Prompt: In the listing below, count the lines that contain the string "Board", and state that number without further words.
________________________
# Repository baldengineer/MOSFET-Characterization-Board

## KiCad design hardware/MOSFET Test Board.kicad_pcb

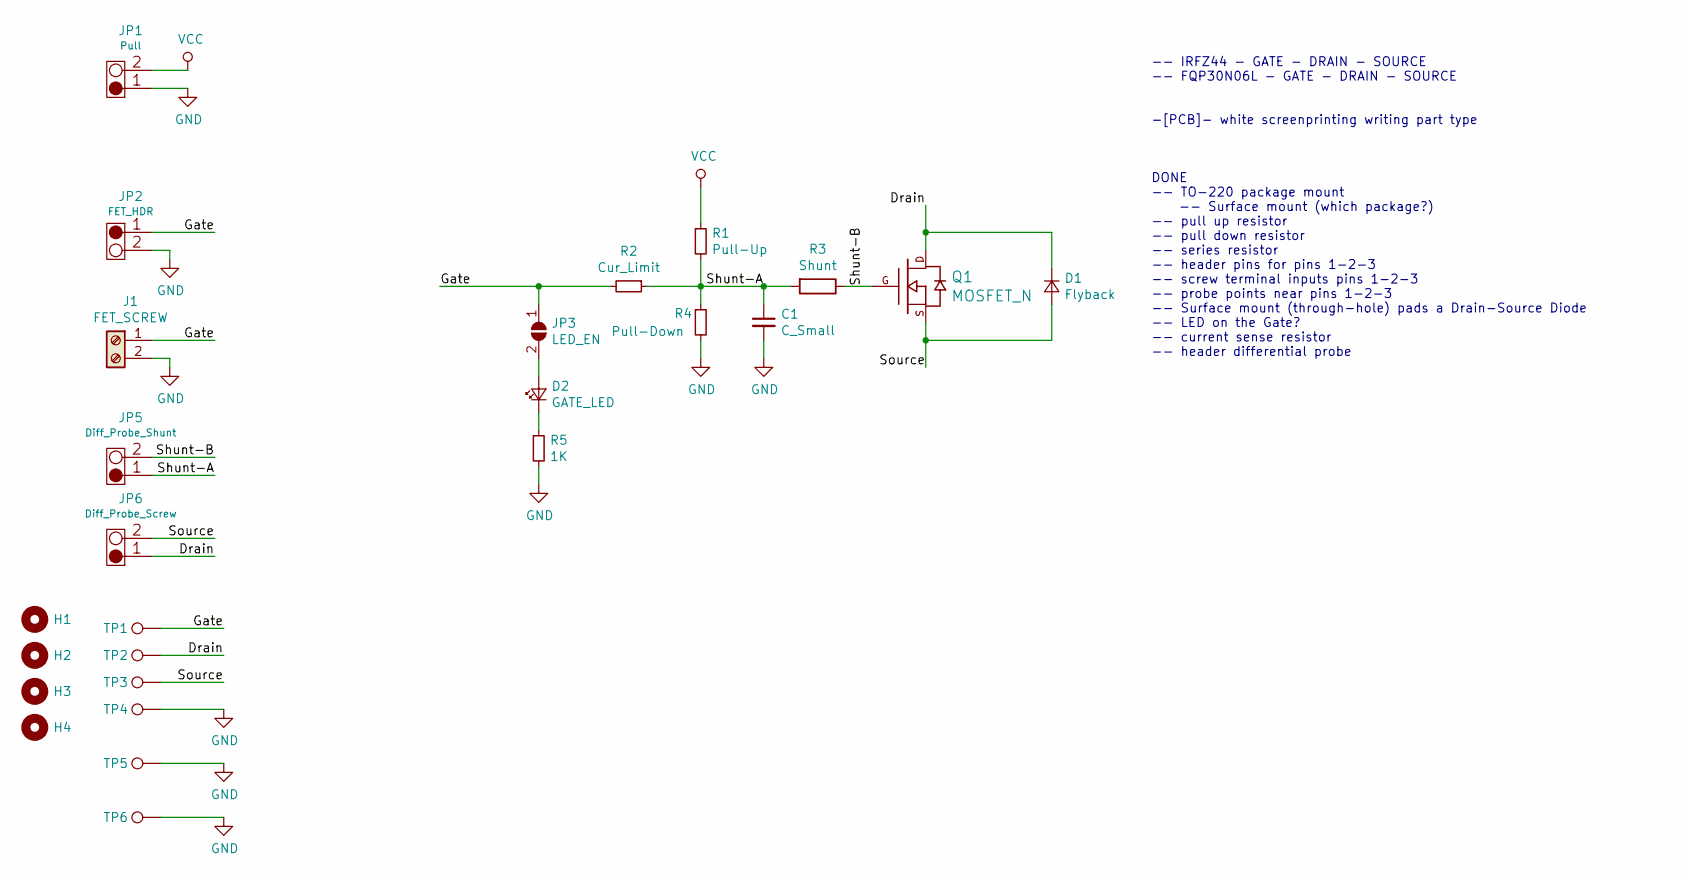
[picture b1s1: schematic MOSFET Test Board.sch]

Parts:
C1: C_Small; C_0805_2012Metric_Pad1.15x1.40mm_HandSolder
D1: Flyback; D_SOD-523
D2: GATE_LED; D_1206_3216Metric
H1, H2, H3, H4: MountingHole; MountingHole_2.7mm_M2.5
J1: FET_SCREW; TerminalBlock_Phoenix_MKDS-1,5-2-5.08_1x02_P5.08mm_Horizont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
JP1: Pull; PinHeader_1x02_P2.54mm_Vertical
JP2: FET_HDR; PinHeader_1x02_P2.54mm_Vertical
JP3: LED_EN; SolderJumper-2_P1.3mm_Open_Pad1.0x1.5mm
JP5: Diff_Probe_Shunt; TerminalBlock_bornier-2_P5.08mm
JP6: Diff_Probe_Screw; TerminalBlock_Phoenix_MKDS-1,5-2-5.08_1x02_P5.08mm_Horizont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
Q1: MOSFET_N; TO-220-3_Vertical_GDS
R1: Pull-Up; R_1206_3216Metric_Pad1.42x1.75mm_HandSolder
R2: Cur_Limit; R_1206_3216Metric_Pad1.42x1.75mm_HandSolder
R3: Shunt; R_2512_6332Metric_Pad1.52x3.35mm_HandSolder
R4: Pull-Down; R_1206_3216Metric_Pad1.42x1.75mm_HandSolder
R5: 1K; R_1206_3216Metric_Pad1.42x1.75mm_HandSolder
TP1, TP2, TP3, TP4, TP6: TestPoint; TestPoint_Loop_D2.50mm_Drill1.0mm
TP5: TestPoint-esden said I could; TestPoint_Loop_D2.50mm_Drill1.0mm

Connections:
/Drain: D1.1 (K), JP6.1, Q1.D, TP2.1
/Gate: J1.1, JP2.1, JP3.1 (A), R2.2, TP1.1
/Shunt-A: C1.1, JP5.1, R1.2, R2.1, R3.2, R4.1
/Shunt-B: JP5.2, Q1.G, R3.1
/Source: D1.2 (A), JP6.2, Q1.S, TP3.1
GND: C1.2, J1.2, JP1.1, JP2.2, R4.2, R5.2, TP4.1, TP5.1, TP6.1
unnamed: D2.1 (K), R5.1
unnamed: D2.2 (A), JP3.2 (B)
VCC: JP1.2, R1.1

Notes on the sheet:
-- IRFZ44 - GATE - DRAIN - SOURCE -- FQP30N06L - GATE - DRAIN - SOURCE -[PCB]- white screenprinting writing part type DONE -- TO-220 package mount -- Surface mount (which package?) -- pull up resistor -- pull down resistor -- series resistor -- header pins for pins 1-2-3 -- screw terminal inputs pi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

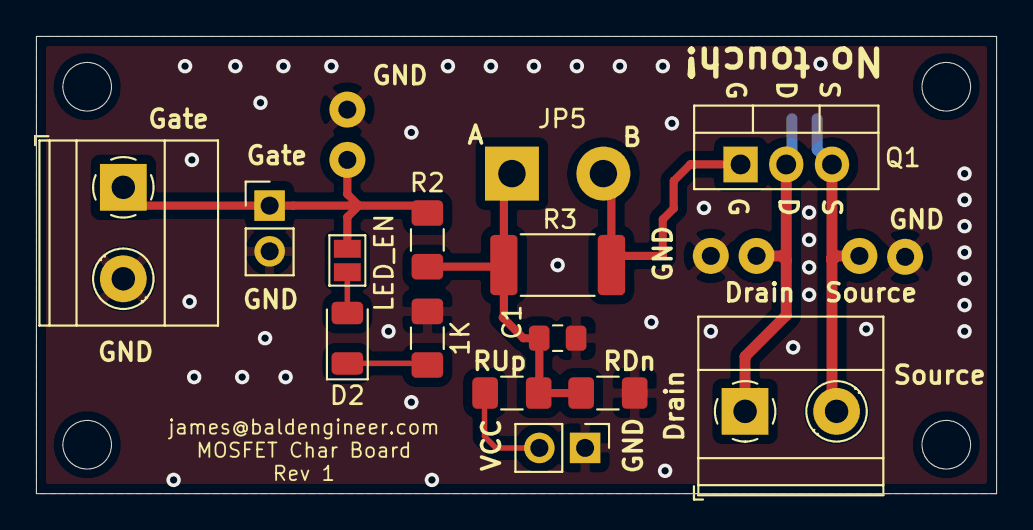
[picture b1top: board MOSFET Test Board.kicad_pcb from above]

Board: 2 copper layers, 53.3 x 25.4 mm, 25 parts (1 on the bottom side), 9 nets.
________________________
Output of the exercise: 5